▸ Description of the task: Which of the lines below holds the string "thetadot"? Copy every line that does.

(Source records)
+===+

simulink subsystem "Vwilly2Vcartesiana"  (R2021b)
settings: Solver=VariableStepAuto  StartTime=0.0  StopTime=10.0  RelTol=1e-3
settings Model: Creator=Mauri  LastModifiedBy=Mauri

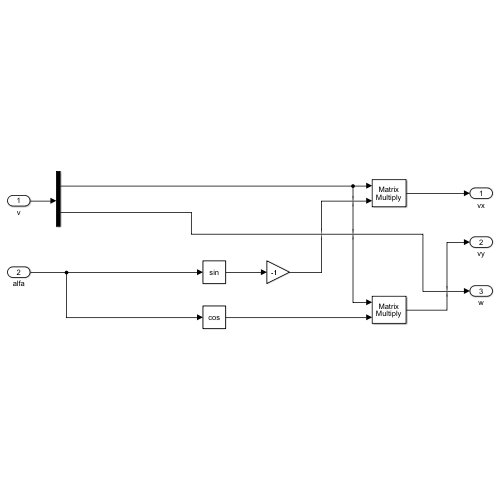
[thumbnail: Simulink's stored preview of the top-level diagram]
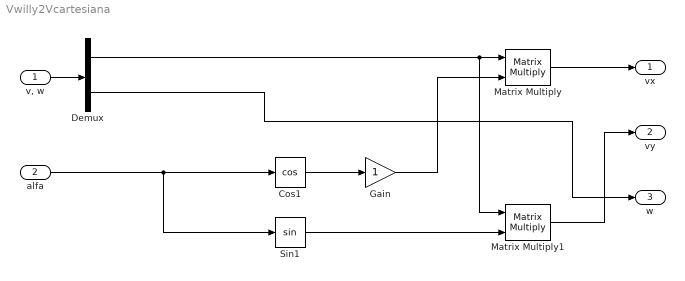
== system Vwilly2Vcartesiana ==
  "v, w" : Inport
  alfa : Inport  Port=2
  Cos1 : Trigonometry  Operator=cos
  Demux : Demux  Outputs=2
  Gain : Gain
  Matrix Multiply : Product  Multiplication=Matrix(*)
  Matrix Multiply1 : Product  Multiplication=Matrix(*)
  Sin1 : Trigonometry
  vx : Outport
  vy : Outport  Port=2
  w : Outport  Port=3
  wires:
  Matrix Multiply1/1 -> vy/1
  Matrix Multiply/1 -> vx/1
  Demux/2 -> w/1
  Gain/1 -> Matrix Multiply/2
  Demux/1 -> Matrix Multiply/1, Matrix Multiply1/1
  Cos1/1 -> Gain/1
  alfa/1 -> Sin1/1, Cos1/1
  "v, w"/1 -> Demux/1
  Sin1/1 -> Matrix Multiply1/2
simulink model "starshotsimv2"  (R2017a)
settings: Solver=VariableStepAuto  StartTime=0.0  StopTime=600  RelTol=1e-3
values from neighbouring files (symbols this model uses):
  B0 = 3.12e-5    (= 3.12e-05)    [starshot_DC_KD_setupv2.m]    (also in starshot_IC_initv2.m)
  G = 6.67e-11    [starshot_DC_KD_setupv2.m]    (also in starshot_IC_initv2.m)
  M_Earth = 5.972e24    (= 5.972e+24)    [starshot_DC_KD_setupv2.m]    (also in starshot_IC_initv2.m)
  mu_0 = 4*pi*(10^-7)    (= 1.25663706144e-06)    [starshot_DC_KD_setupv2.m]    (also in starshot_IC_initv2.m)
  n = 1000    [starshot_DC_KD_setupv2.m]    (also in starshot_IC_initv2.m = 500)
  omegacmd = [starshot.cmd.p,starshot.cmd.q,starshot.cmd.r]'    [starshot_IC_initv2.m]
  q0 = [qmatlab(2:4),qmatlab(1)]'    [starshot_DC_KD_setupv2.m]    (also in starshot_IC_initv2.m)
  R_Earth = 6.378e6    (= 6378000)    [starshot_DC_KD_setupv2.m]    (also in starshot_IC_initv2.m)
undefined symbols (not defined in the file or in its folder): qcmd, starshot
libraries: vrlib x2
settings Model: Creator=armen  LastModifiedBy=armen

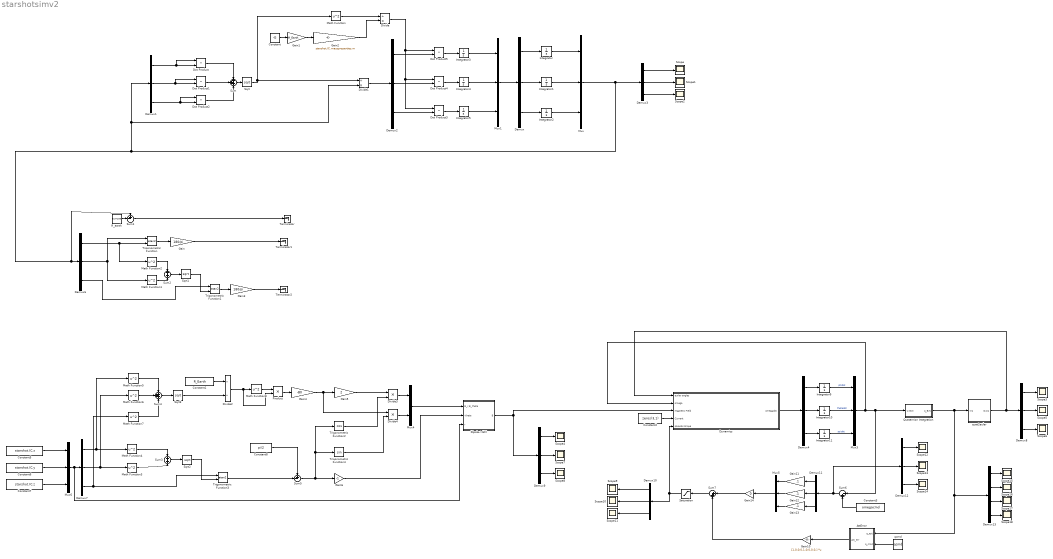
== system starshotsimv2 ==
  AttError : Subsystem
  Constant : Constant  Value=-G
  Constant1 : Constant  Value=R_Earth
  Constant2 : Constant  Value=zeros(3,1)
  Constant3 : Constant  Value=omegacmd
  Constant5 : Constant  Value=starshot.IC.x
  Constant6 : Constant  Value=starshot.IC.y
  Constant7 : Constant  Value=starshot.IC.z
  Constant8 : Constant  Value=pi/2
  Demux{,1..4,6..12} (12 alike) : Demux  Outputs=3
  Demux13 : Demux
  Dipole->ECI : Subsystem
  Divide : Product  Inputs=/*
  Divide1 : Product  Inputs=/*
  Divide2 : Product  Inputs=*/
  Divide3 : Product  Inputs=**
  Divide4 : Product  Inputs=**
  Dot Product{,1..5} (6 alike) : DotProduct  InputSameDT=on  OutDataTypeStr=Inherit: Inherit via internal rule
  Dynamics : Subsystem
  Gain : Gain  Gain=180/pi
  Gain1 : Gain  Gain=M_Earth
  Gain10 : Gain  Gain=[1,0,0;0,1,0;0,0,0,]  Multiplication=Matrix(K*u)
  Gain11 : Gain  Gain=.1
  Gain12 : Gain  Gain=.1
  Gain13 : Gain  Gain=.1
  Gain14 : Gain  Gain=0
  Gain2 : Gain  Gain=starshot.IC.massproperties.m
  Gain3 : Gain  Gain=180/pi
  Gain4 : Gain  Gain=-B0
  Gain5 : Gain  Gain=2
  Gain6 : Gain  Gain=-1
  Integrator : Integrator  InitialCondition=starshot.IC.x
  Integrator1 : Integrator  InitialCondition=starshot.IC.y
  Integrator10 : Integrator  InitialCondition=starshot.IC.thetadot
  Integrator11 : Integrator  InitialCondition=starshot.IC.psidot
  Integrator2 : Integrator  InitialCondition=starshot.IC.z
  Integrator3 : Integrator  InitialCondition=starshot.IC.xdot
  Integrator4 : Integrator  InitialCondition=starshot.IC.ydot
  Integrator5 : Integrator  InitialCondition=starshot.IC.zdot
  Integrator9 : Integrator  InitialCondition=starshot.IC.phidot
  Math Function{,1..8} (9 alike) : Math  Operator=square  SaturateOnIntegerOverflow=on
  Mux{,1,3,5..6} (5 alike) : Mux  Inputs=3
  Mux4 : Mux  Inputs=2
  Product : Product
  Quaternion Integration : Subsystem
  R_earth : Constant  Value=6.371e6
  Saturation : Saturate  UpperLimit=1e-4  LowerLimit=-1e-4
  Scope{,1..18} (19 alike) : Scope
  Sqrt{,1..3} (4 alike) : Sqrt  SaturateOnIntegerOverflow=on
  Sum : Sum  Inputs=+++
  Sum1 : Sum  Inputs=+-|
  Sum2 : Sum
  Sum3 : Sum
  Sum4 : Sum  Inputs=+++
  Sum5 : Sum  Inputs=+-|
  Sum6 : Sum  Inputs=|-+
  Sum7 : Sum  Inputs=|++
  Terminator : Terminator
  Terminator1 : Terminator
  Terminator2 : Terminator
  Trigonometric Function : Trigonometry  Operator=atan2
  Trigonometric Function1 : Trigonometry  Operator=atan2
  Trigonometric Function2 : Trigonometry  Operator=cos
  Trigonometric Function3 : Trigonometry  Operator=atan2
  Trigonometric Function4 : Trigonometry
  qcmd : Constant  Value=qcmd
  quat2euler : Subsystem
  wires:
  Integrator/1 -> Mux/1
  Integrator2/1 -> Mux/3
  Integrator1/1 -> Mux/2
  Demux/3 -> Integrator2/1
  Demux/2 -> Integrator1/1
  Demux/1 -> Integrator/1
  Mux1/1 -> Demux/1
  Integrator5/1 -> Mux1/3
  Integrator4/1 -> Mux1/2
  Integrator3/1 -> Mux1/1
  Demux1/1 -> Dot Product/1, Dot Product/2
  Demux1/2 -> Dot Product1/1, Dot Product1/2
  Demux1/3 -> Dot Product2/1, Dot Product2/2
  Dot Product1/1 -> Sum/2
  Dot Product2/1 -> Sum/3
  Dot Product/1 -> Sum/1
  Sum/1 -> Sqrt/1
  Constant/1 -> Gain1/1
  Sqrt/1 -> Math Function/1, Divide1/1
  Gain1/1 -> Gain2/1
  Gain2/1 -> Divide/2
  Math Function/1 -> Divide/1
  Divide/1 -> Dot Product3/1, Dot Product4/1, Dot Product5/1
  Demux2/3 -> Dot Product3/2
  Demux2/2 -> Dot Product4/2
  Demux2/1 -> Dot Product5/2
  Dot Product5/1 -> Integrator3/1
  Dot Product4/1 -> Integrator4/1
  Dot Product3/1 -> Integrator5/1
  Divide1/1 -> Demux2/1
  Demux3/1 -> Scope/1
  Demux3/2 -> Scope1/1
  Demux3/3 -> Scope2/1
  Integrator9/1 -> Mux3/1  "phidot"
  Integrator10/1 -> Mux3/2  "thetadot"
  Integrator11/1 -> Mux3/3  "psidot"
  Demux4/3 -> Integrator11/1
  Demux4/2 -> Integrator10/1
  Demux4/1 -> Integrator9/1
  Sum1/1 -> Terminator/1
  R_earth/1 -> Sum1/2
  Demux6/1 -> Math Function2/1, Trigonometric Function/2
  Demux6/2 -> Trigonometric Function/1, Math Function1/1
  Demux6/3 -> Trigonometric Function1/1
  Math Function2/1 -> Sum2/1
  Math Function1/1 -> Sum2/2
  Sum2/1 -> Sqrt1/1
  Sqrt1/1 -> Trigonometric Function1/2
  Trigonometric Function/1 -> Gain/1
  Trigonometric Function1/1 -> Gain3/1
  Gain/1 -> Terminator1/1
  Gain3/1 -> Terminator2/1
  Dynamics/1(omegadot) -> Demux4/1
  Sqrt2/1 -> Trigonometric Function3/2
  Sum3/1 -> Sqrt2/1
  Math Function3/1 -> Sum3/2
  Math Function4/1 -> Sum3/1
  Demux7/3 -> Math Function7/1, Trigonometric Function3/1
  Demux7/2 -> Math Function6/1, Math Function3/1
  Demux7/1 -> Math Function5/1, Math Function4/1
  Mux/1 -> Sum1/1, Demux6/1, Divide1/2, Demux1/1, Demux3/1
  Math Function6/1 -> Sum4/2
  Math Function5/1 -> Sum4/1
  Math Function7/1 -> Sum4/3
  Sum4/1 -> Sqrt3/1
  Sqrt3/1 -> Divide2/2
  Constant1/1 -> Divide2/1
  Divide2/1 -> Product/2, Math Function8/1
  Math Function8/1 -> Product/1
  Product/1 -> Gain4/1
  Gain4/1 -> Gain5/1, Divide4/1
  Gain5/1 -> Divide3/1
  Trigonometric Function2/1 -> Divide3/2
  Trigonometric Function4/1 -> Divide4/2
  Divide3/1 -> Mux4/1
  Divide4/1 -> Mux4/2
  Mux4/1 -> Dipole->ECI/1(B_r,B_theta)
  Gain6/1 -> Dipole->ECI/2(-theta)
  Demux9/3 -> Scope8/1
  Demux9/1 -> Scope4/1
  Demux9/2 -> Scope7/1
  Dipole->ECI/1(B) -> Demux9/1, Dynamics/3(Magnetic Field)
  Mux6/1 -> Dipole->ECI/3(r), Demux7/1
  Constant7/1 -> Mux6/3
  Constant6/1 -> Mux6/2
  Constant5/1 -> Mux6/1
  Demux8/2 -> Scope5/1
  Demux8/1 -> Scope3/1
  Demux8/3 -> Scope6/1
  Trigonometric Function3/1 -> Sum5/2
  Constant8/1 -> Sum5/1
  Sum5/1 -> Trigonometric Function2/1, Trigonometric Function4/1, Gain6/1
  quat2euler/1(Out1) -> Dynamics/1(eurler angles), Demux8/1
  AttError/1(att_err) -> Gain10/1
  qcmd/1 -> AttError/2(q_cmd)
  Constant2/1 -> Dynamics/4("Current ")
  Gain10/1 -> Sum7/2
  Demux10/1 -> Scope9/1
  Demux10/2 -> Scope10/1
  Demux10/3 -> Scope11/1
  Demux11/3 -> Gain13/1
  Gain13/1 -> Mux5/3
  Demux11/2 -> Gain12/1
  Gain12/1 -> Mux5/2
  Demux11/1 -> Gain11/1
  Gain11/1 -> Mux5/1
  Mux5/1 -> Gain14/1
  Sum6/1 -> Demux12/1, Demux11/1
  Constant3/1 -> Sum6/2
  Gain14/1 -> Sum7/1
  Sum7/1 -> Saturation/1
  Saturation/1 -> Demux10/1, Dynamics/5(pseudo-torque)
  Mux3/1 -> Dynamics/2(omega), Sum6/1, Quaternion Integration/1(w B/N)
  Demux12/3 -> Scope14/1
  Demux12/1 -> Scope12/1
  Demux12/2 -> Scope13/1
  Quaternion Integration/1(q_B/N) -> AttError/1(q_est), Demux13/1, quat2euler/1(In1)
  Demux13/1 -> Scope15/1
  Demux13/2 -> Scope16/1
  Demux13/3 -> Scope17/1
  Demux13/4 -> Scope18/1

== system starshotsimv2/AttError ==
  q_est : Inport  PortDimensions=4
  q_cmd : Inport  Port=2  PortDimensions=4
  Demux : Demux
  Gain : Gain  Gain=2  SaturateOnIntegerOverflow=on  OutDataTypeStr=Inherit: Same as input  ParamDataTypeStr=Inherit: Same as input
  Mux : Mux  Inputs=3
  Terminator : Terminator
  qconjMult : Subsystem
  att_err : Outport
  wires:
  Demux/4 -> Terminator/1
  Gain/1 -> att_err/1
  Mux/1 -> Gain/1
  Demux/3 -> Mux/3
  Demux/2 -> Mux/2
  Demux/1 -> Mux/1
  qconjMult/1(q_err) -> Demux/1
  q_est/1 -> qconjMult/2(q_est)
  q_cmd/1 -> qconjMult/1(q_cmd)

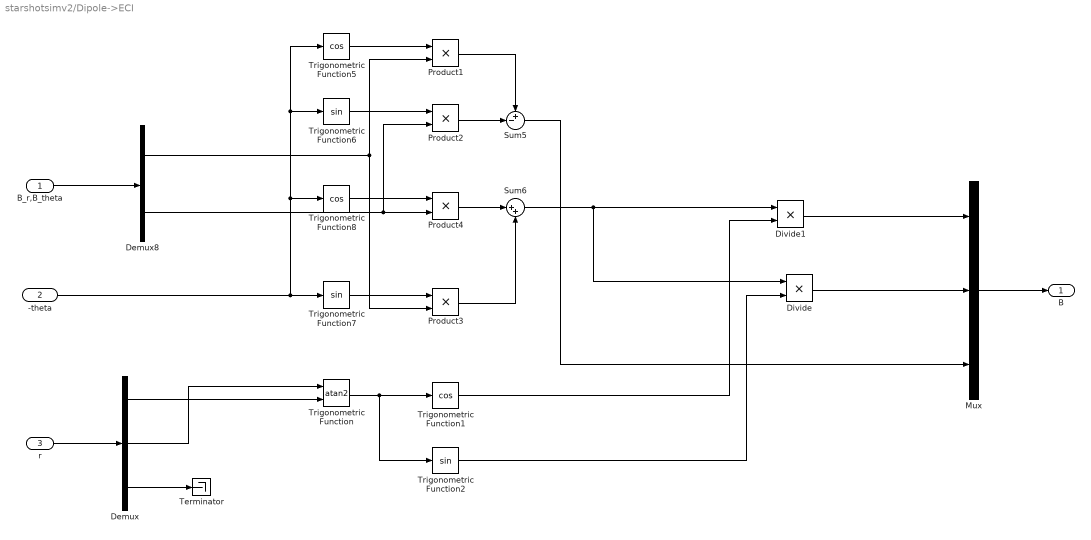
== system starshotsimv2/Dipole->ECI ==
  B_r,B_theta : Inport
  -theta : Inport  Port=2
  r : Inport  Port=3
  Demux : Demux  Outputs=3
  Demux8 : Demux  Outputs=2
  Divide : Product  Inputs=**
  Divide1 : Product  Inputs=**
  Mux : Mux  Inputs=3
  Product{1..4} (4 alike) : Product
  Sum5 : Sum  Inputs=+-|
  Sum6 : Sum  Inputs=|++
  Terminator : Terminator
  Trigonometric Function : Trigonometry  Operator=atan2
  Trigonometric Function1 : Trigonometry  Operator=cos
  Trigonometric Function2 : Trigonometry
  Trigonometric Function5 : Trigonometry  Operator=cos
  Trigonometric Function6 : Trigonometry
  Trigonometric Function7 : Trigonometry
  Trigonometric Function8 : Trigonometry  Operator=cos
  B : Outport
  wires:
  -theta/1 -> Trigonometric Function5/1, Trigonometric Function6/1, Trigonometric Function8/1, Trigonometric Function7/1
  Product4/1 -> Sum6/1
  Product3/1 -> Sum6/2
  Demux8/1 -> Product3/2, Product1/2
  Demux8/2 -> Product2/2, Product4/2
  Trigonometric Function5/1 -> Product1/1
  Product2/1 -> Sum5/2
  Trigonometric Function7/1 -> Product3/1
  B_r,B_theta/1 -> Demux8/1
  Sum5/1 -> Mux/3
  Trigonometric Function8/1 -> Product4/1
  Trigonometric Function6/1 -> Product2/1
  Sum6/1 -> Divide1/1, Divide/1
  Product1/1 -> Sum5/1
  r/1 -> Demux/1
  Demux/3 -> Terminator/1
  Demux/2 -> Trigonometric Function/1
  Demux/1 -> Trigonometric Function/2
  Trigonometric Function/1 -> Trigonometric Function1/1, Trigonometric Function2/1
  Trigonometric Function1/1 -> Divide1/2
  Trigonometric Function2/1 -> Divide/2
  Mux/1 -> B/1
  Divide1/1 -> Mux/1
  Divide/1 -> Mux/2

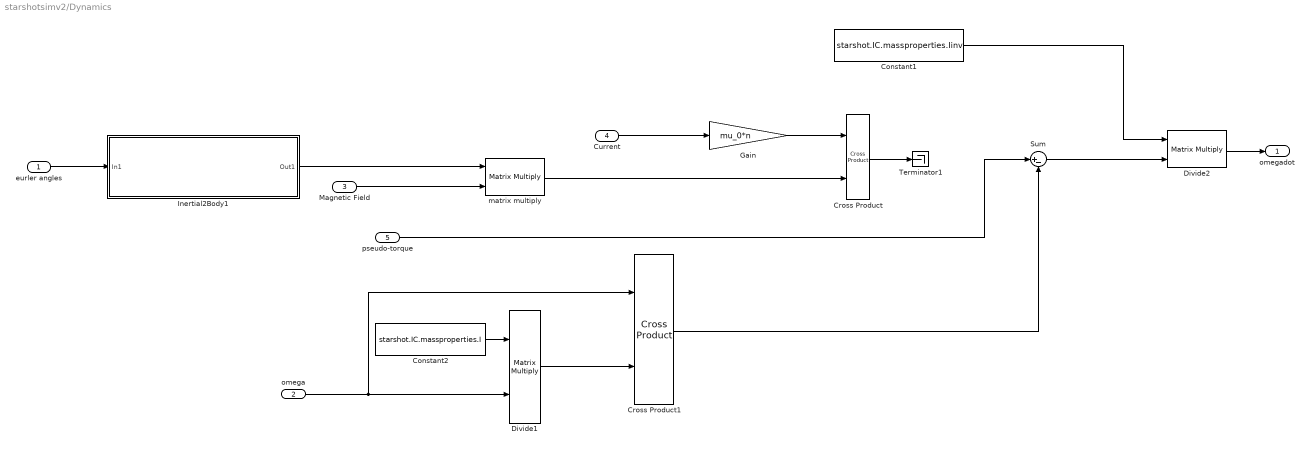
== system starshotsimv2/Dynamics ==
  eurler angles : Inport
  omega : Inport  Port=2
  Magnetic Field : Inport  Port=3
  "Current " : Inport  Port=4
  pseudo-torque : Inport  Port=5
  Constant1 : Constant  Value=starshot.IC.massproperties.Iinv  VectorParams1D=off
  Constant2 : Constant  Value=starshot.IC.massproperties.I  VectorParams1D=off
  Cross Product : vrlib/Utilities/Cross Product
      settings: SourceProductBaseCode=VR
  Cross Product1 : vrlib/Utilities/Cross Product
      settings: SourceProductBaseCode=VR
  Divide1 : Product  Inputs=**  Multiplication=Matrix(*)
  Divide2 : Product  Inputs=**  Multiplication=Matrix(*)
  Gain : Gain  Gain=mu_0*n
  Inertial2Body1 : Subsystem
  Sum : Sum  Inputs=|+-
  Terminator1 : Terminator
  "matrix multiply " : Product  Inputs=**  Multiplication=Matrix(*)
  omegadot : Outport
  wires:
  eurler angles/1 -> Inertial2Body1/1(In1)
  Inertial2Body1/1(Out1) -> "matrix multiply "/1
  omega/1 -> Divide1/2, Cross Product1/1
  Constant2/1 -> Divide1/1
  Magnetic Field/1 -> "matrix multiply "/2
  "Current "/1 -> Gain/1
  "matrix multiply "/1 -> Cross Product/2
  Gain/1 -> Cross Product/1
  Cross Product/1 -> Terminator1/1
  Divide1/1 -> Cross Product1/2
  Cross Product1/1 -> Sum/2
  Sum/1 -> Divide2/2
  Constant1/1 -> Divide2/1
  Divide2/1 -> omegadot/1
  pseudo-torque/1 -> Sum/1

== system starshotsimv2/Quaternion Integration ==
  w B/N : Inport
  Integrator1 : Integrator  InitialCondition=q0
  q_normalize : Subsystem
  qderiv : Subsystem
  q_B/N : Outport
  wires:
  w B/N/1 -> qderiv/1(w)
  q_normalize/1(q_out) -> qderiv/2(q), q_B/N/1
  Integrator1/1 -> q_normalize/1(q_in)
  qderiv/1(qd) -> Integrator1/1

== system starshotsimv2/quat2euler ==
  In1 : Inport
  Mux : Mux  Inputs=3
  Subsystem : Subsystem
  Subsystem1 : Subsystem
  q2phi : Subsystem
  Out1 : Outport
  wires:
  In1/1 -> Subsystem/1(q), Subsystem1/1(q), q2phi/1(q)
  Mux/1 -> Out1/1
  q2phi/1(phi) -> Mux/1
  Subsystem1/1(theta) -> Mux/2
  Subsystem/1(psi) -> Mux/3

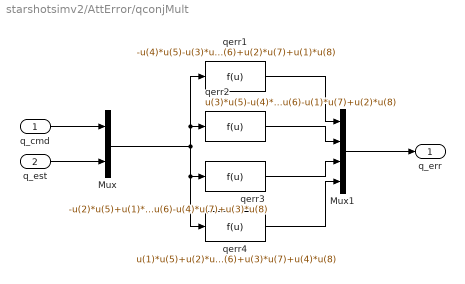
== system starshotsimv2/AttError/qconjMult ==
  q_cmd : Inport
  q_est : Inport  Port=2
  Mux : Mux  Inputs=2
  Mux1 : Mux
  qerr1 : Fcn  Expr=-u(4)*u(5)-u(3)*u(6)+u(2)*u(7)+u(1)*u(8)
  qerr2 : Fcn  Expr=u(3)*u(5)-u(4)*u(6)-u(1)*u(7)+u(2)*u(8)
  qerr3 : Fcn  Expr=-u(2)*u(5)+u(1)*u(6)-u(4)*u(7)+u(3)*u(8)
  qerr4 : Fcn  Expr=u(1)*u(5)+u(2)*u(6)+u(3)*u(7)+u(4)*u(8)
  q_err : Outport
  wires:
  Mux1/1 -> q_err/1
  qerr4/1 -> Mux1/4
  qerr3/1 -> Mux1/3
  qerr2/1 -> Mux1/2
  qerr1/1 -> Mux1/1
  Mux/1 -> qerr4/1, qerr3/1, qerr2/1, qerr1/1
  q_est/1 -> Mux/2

+===+

▸ Output of the task:
  Integrator10 : Integrator  InitialCondition=starshot.IC.thetadot
  Integrator10/1 -> Mux3/2  "thetadot"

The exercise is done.